UFC fighter Antonio Trocoli won big in the 2025 World Series of Poker’s Colossus tournament earlier this week, earning $122,330 after a buy-in of just $500 among a field of 16,300 players. Trocoli said “it was a very difficult tournament” that required a lot of patience, but the private classes he’s had with former WSOP winners paid off.

“That was the biggest hit of my career,” Trocoli told MMA Fighting. “I’ve had other prizes before in Brazilian real, like R$48,000 (approx. $8,600 USD), but not that much in dollars, right? Especially in the Colossus, the biggest field in WSOP. … Who doesn’t want to turn $500 into $500,000? This tournament pays a lot for the value [of the buy-in]. I had the dream and made it to the final.. It was incredible. There are many Brazilians playing this for a long time and never made it to the final table at the Colossus. It’s a historic feat.”

Trocoli’s girlfriend Mackenzie Dern, a top-ranked strawweight in the UFC, was also in the tournament. She started enjoying poker watching Trocoli play online, and has had success in celebrity tournaments before, but lost early this time.

“I have to be more serious, like he does,” Dern told MMA Fighting. “He’s all focused in there, listening to his music, glasses. I go in there to win, but not that serious. He’s much more serious than I am.”

“She’s more loose in there,” Trocoli said. “You know, she’s a top 5 in the UFC, I’m not, so her money is 10 times higher [laughs]. I go in there with short money so I have to hold tight.”

Colossus paid a total of $542,540 to the winner, Courtenay Williams.

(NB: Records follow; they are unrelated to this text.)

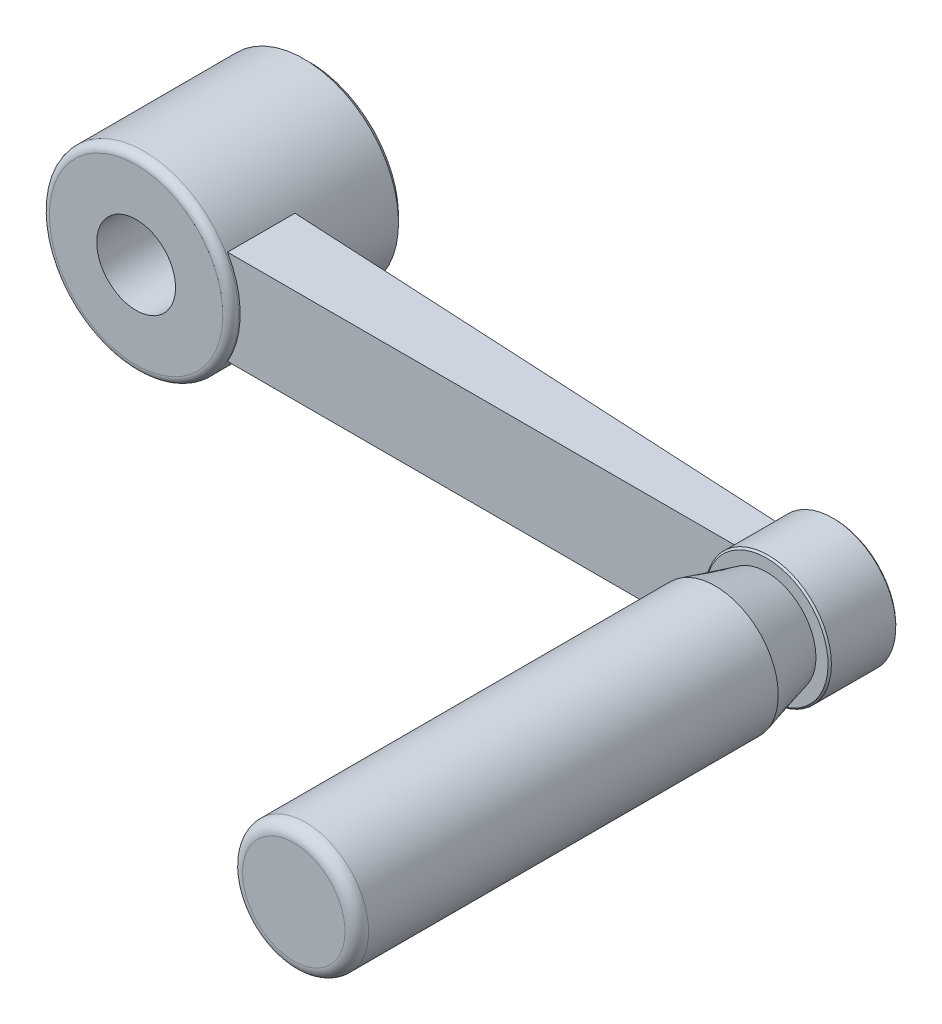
ISO-10303-21;
HEADER;
FILE_DESCRIPTION(('STEP AP214'),'2;1');
FILE_NAME('part.step','',(''),(''),'','','');
FILE_SCHEMA(('AUTOMOTIVE_DESIGN { 1 0 10303 214 1 1 1 1 }'));
ENDSEC;
DATA;
#1=APPLICATION_CONTEXT('core data for automotive mechanical design processes');
#2=APPLICATION_PROTOCOL_DEFINITION('international standard','automotive_design',2000,#1);
#3=PRODUCT_CONTEXT('',#1,'mechanical');
#4=PRODUCT('Part','Part','',(#3));
#5=PRODUCT_RELATED_PRODUCT_CATEGORY('part','',(#4));
#6=PRODUCT_DEFINITION_FORMATION('','',#4);
#7=PRODUCT_DEFINITION_CONTEXT('part definition',#1,'design');
#8=PRODUCT_DEFINITION('design','',#6,#7);
#9=PRODUCT_DEFINITION_SHAPE('','',#8);
#10=(LENGTH_UNIT() NAMED_UNIT(*) SI_UNIT(.MILLI.,.METRE.));
#11=(NAMED_UNIT(*) PLANE_ANGLE_UNIT() SI_UNIT($,.RADIAN.));
#12=(NAMED_UNIT(*) SI_UNIT($,.STERADIAN.) SOLID_ANGLE_UNIT());
#13=UNCERTAINTY_MEASURE_WITH_UNIT(LENGTH_MEASURE(1.E-05),#10,'distance_accuracy_value','');
#14=(GEOMETRIC_REPRESENTATION_CONTEXT(3) GLOBAL_UNCERTAINTY_ASSIGNED_CONTEXT((#13)) GLOBAL_UNIT_ASSIGNED_CONTEXT((#10,
#11,#12)) REPRESENTATION_CONTEXT('',''));
#15=CARTESIAN_POINT('',(0.,0.,0.));
#16=DIRECTION('',(0.,0.,1.));
#17=DIRECTION('',(1.,0.,0.));
#18=AXIS2_PLACEMENT_3D('',#15,#16,#17);
#19=CARTESIAN_POINT('',(82.0095,0.,14.));
#20=DIRECTION('',(0.,0.,1.));
#21=DIRECTION('',(0.,-1.,0.));
#22=AXIS2_PLACEMENT_3D('',#19,#20,#21);
#23=PLANE('',#22);
#24=CARTESIAN_POINT('',(80.,0.,14.00000000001));
#25=DIRECTION('',(0.,0.,1.));
#26=DIRECTION('',(-1.,0.,0.));
#27=AXIS2_PLACEMENT_3D('',#24,#25,#26);
#28=CIRCLE('',#27,2.00949999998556);
#29=CARTESIAN_POINT('',(77.9905000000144,0.,14.00000000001));
#30=VERTEX_POINT('',#29);
#31=EDGE_CURVE('E17',#30,#30,#28,.T.);
#32=ORIENTED_EDGE('',*,*,#31,.F.);
#33=EDGE_LOOP('',(#32));
#34=FACE_BOUND('',#33,.T.);
#35=ADVANCED_FACE('F14',(#34),#23,.F.);
#36=CARTESIAN_POINT('',(80.,0.,14.0574999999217));
#37=DIRECTION('',(0.,0.,1.));
#38=DIRECTION('',(-1.,0.,0.));
#39=AXIS2_PLACEMENT_3D('',#36,#37,#38);
#40=CONICAL_SURFACE('',#39,2.06699999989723,0.785398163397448);
#41=CARTESIAN_POINT('',(80.,0.,14.0575));
#42=DIRECTION('',(0.,0.,1.));
#43=DIRECTION('',(0.,-1.,0.));
#44=AXIS2_PLACEMENT_3D('',#41,#42,#43);
#45=CIRCLE('',#44,2.067);
#46=CARTESIAN_POINT('',(80.,-2.067,14.0575));
#47=VERTEX_POINT('',#46);
#48=EDGE_CURVE('E117',#47,#47,#45,.F.);
#49=ORIENTED_EDGE('',*,*,#48,.T.);
#50=EDGE_LOOP('',(#49));
#51=FACE_BOUND('',#50,.T.);
#52=ORIENTED_EDGE('',*,*,#31,.T.);
#53=EDGE_LOOP('',(#52));
#54=FACE_BOUND('',#53,.T.);
#55=ADVANCED_FACE('F429',(#51,#54),#40,.T.);
#56=CARTESIAN_POINT('',(0.,0.,0.));
#57=DIRECTION('',(0.,0.,1.));
#58=DIRECTION('',(0.,-1.,0.));
#59=AXIS2_PLACEMENT_3D('',#56,#57,#58);
#60=CYLINDRICAL_SURFACE('',#59,5.);
#61=CARTESIAN_POINT('',(0.,0.,22.));
#62=DIRECTION('',(0.,0.,1.));
#63=DIRECTION('',(0.,-1.,0.));
#64=AXIS2_PLACEMENT_3D('',#61,#62,#63);
#65=CIRCLE('',#64,5.);
#66=CARTESIAN_POINT('',(0.,-5.,22.));
#67=VERTEX_POINT('',#66);
#68=EDGE_CURVE('E152',#67,#67,#65,.T.);
#69=ORIENTED_EDGE('',*,*,#68,.T.);
#70=EDGE_LOOP('',(#69));
#71=FACE_BOUND('',#70,.T.);
#72=CARTESIAN_POINT('',(0.,0.,0.));
#73=DIRECTION('',(0.,0.,1.));
#74=DIRECTION('',(0.,-1.,0.));
#75=AXIS2_PLACEMENT_3D('',#72,#73,#74);
#76=CIRCLE('',#75,5.);
#77=CARTESIAN_POINT('',(0.,-5.,0.));
#78=VERTEX_POINT('',#77);
#79=EDGE_CURVE('E125',#78,#78,#76,.F.);
#80=ORIENTED_EDGE('',*,*,#79,.T.);
#81=EDGE_LOOP('',(#80));
#82=FACE_BOUND('',#81,.T.);
#83=ADVANCED_FACE('F157',(#71,#82),#60,.F.);
#84=CARTESIAN_POINT('',(80.,0.,13.4));
#85=DIRECTION('',(0.,0.,1.));
#86=DIRECTION('',(0.,-1.,0.));
#87=AXIS2_PLACEMENT_3D('',#84,#85,#86);
#88=CYLINDRICAL_SURFACE('',#87,2.067);
#89=ORIENTED_EDGE('',*,*,#48,.F.);
#90=EDGE_LOOP('',(#89));
#91=FACE_BOUND('',#90,.T.);
#92=CARTESIAN_POINT('',(80.,0.,13.8329999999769));
#93=DIRECTION('',(0.,0.,-1.));
#94=DIRECTION('',(0.,1.,0.));
#95=AXIS2_PLACEMENT_3D('',#92,#93,#94);
#96=CIRCLE('',#95,2.06699999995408);
#97=CARTESIAN_POINT('',(80.,2.06699999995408,13.8329999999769));
#98=VERTEX_POINT('',#97);
#99=EDGE_CURVE('E97',#98,#98,#96,.T.);
#100=ORIENTED_EDGE('',*,*,#99,.T.);
#101=EDGE_LOOP('',(#100));
#102=FACE_BOUND('',#101,.T.);
#103=ADVANCED_FACE('F162',(#91,#102),#88,.F.);
#104=CARTESIAN_POINT('',(11.2928932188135,0.,0.));
#105=DIRECTION('',(0.,0.,1.));
#106=DIRECTION('',(0.,-1.,0.));
#107=AXIS2_PLACEMENT_3D('',#104,#105,#106);
#108=PLANE('',#107);
#109=CARTESIAN_POINT('',(0.,0.,0.));
#110=DIRECTION('',(0.,0.,1.));
#111=DIRECTION('',(0.,-1.,0.));
#112=AXIS2_PLACEMENT_3D('',#109,#110,#111);
#113=CIRCLE('',#112,11.2928932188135);
#114=CARTESIAN_POINT('',(0.,-11.2928932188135,0.));
#115=VERTEX_POINT('',#114);
#116=EDGE_CURVE('E149',#115,#115,#113,.T.);
#117=ORIENTED_EDGE('',*,*,#116,.F.);
#118=EDGE_LOOP('',(#117));
#119=FACE_BOUND('',#118,.T.);
#120=ORIENTED_EDGE('',*,*,#79,.F.);
#121=EDGE_LOOP('',(#120));
#122=FACE_BOUND('',#121,.T.);
#123=ADVANCED_FACE('F159',(#119,#122),#108,.F.);
#124=CARTESIAN_POINT('',(0.,0.,22.));
#125=DIRECTION('',(0.,0.,-1.));
#126=DIRECTION('',(0.,1.,0.));
#127=AXIS2_PLACEMENT_3D('',#124,#125,#126);
#128=PLANE('',#127);
#129=ORIENTED_EDGE('',*,*,#68,.F.);
#130=EDGE_LOOP('',(#129));
#131=FACE_BOUND('',#130,.T.);
#132=CARTESIAN_POINT('',(0.,0.,22.));
#133=DIRECTION('',(0.,0.,-1.));
#134=DIRECTION('',(0.,1.,0.));
#135=AXIS2_PLACEMENT_3D('',#132,#133,#134);
#136=CIRCLE('',#135,11.);
#137=CARTESIAN_POINT('',(0.,11.,22.));
#138=VERTEX_POINT('',#137);
#139=EDGE_CURVE('E148',#138,#138,#136,.T.);
#140=ORIENTED_EDGE('',*,*,#139,.F.);
#141=EDGE_LOOP('',(#140));
#142=FACE_BOUND('',#141,.T.);
#143=ADVANCED_FACE('F161',(#131,#142),#128,.F.);
#144=CARTESIAN_POINT('',(80.,0.,13.4000000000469));
#145=DIRECTION('',(0.,0.,-1.));
#146=DIRECTION('',(1.,0.,0.));
#147=AXIS2_PLACEMENT_3D('',#144,#145,#146);
#148=CONICAL_SURFACE('',#147,2.49999999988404,0.78539816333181);
#149=ORIENTED_EDGE('',*,*,#99,.F.);
#150=EDGE_LOOP('',(#149));
#151=FACE_BOUND('',#150,.T.);
#152=CARTESIAN_POINT('',(80.,0.,13.3999999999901));
#153=DIRECTION('',(0.,0.,-1.));
#154=DIRECTION('',(1.,0.,0.));
#155=AXIS2_PLACEMENT_3D('',#152,#153,#154);
#156=CIRCLE('',#155,2.49999999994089);
#157=CARTESIAN_POINT('',(82.4999999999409,0.,13.3999999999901));
#158=VERTEX_POINT('',#157);
#159=EDGE_CURVE('E92',#158,#158,#156,.F.);
#160=ORIENTED_EDGE('',*,*,#159,.F.);
#161=EDGE_LOOP('',(#160));
#162=FACE_BOUND('',#161,.T.);
#163=ADVANCED_FACE('F170',(#151,#162),#148,.F.);
#164=CARTESIAN_POINT('',(0.,0.,0.707106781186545));
#165=DIRECTION('',(0.,0.,1.));
#166=DIRECTION('',(0.,-1.,0.));
#167=AXIS2_PLACEMENT_3D('',#164,#165,#166);
#168=CONICAL_SURFACE('',#167,12.,0.785398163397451);
#169=CARTESIAN_POINT('',(0.,0.,0.707106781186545));
#170=DIRECTION('',(0.,0.,1.));
#171=DIRECTION('',(0.,-1.,0.));
#172=AXIS2_PLACEMENT_3D('',#169,#170,#171);
#173=CIRCLE('',#172,12.);
#174=CARTESIAN_POINT('',(0.,-12.,0.707106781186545));
#175=VERTEX_POINT('',#174);
#176=EDGE_CURVE('E87',#175,#175,#173,.T.);
#177=ORIENTED_EDGE('',*,*,#176,.F.);
#178=EDGE_LOOP('',(#177));
#179=FACE_BOUND('',#178,.T.);
#180=ORIENTED_EDGE('',*,*,#116,.T.);
#181=EDGE_LOOP('',(#180));
#182=FACE_BOUND('',#181,.T.);
#183=ADVANCED_FACE('F106',(#179,#182),#168,.T.);
#184=CARTESIAN_POINT('',(0.,0.,21.));
#185=DIRECTION('',(0.,0.,-1.));
#186=DIRECTION('',(0.,1.,0.));
#187=AXIS2_PLACEMENT_3D('',#184,#185,#186);
#188=TOROIDAL_SURFACE('',#187,11.,1.);
#189=CARTESIAN_POINT('',(0.,0.,21.));
#190=DIRECTION('',(0.,0.,1.));
#191=DIRECTION('',(0.,-1.,0.));
#192=AXIS2_PLACEMENT_3D('',#189,#190,#191);
#193=CIRCLE('',#192,12.);
#194=CARTESIAN_POINT('',(0.,-12.,21.));
#195=VERTEX_POINT('',#194);
#196=EDGE_CURVE('E84',#195,#195,#193,.F.);
#197=ORIENTED_EDGE('',*,*,#196,.F.);
#198=EDGE_LOOP('',(#197));
#199=FACE_BOUND('',#198,.T.);
#200=ORIENTED_EDGE('',*,*,#139,.T.);
#201=EDGE_LOOP('',(#200));
#202=FACE_BOUND('',#201,.T.);
#203=ADVANCED_FACE('F100',(#199,#202),#188,.T.);
#204=CARTESIAN_POINT('',(82.5,0.,13.4));
#205=DIRECTION('',(0.,0.,-1.));
#206=DIRECTION('',(0.,1.,0.));
#207=AXIS2_PLACEMENT_3D('',#204,#205,#206);
#208=PLANE('',#207);
#209=ORIENTED_EDGE('',*,*,#159,.T.);
#210=EDGE_LOOP('',(#209));
#211=FACE_BOUND('',#210,.T.);
#212=CARTESIAN_POINT('',(80.,0.,13.4));
#213=DIRECTION('',(0.,0.,1.));
#214=DIRECTION('',(-1.,0.,0.));
#215=AXIS2_PLACEMENT_3D('',#212,#213,#214);
#216=CIRCLE('',#215,7.78786796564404);
#217=CARTESIAN_POINT('',(72.212132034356,0.,13.4));
#218=VERTEX_POINT('',#217);
#219=EDGE_CURVE('E63',#218,#218,#216,.T.);
#220=ORIENTED_EDGE('',*,*,#219,.F.);
#221=EDGE_LOOP('',(#220));
#222=FACE_BOUND('',#221,.T.);
#223=ADVANCED_FACE('F105',(#211,#222),#208,.T.);
#224=CARTESIAN_POINT('',(0.,0.,0.));
#225=DIRECTION('',(0.,0.,1.));
#226=DIRECTION('',(0.,-1.,0.));
#227=AXIS2_PLACEMENT_3D('',#224,#225,#226);
#228=CYLINDRICAL_SURFACE('',#227,12.);
#229=ORIENTED_EDGE('',*,*,#196,.T.);
#230=EDGE_LOOP('',(#229));
#231=FACE_BOUND('',#230,.T.);
#232=CARTESIAN_POINT('',(0.,0.,11.7));
#233=DIRECTION('',(-0.0523359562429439,0.,0.998629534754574));
#234=DIRECTION('',(0.998629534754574,0.,0.0523359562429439));
#235=AXIS2_PLACEMENT_3D('',#232,#233,#234);
#236=ELLIPSE('',#235,12.016468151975,12.);
#237=CARTESIAN_POINT('',(10.3923048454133,6.,12.2446376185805));
#238=VERTEX_POINT('',#237);
#239=CARTESIAN_POINT('',(10.3923048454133,-6.,12.2446376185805));
#240=VERTEX_POINT('',#239);
#241=EDGE_CURVE('E53',#238,#240,#236,.F.);
#242=ORIENTED_EDGE('',*,*,#241,.T.);
#243=DIRECTION('',(0.,0.,1.));
#244=VECTOR('',#243,1.);
#245=CARTESIAN_POINT('',(10.3923048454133,-6.,0.));
#246=LINE('',#245,#244);
#247=CARTESIAN_POINT('',(10.3923048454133,-6.,20.8));
#248=VERTEX_POINT('',#247);
#249=EDGE_CURVE('E82',#240,#248,#246,.T.);
#250=ORIENTED_EDGE('',*,*,#249,.T.);
#251=CARTESIAN_POINT('',(0.,0.,20.8));
#252=DIRECTION('',(0.,0.,1.));
#253=DIRECTION('',(0.,-1.,0.));
#254=AXIS2_PLACEMENT_3D('',#251,#252,#253);
#255=CIRCLE('',#254,12.);
#256=CARTESIAN_POINT('',(10.3923048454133,6.,20.8));
#257=VERTEX_POINT('',#256);
#258=EDGE_CURVE('E69',#248,#257,#255,.T.);
#259=ORIENTED_EDGE('',*,*,#258,.T.);
#260=DIRECTION('',(0.,0.,1.));
#261=VECTOR('',#260,1.);
#262=CARTESIAN_POINT('',(10.3923048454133,6.,0.));
#263=LINE('',#262,#261);
#264=EDGE_CURVE('E66',#238,#257,#263,.T.);
#265=ORIENTED_EDGE('',*,*,#264,.F.);
#266=EDGE_LOOP('',(#242,#250,#259,#265));
#267=FACE_BOUND('',#266,.T.);
#268=ORIENTED_EDGE('',*,*,#176,.T.);
#269=EDGE_LOOP('',(#268));
#270=FACE_BOUND('',#269,.T.);
#271=ADVANCED_FACE('F67',(#231,#267,#270),#228,.T.);
#272=CARTESIAN_POINT('',(80.,0.,13.612132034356));
#273=DIRECTION('',(0.,0.,1.));
#274=DIRECTION('',(-1.,0.,0.));
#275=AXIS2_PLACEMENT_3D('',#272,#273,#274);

Trocoli now focuses on entering the Millionaire Maker, a WSOP tournament scheduled for June 18. With a buy-in of $1,500, it pays the winner over $2 million—Trocoli will earn around $600,000 if he also finishes sixth in that tournament, for example.

Trocoli is getting better as a poker player, but that doesn’t mean he’s walking away from the UFC. The 34-year-old is 0-2 in the promotion with losses to Shara Magomedov—a match he took on less than a week’s notice—and Tresean Gore, and was forced out of a middleweight clash with Mansur Abdul-Malik this past February due to a back injury.

He hopes to be back inside the octagon in August, but sees a future where he’s a poker player—and Navy seal—after he’s done fighting.

“It doesn’t add up. When you compare the two, getting punched in the face or making money sitting on a chair?” Trocoli said. “I won’t stop training because I love staying in shape, I like to feel fine, but making money in a few hours, brother, there’s no comparison. We fight because we like it. Look, we fight 15 or 16 times in Brazil to make R$500, sometimes not even make anything, just to get to the UFC and start making something. We’re in this sport because we love this shit. We’re crazy, and we do love this.

“MMA is good, but you have to stop your life for two months and prepare to fight and break yourself for something that isn’t even that much. When you win a bonus, cool, but I don’t know. Today I don’t have that… It’s not because I won [at WSOP] or because I got to such a high prize, but I was already thinking about this. … I’m not that excited [about MMA] anymore. I had this injury and my back is kind of bad, fragile. I still want to be successful at both [MMA and poker] simultaneously. But I also have the desire to do only poker because like it or not, I’ve made more money in poker than fighting. It’s stupid if I don’t choose to live off poker after fighting.”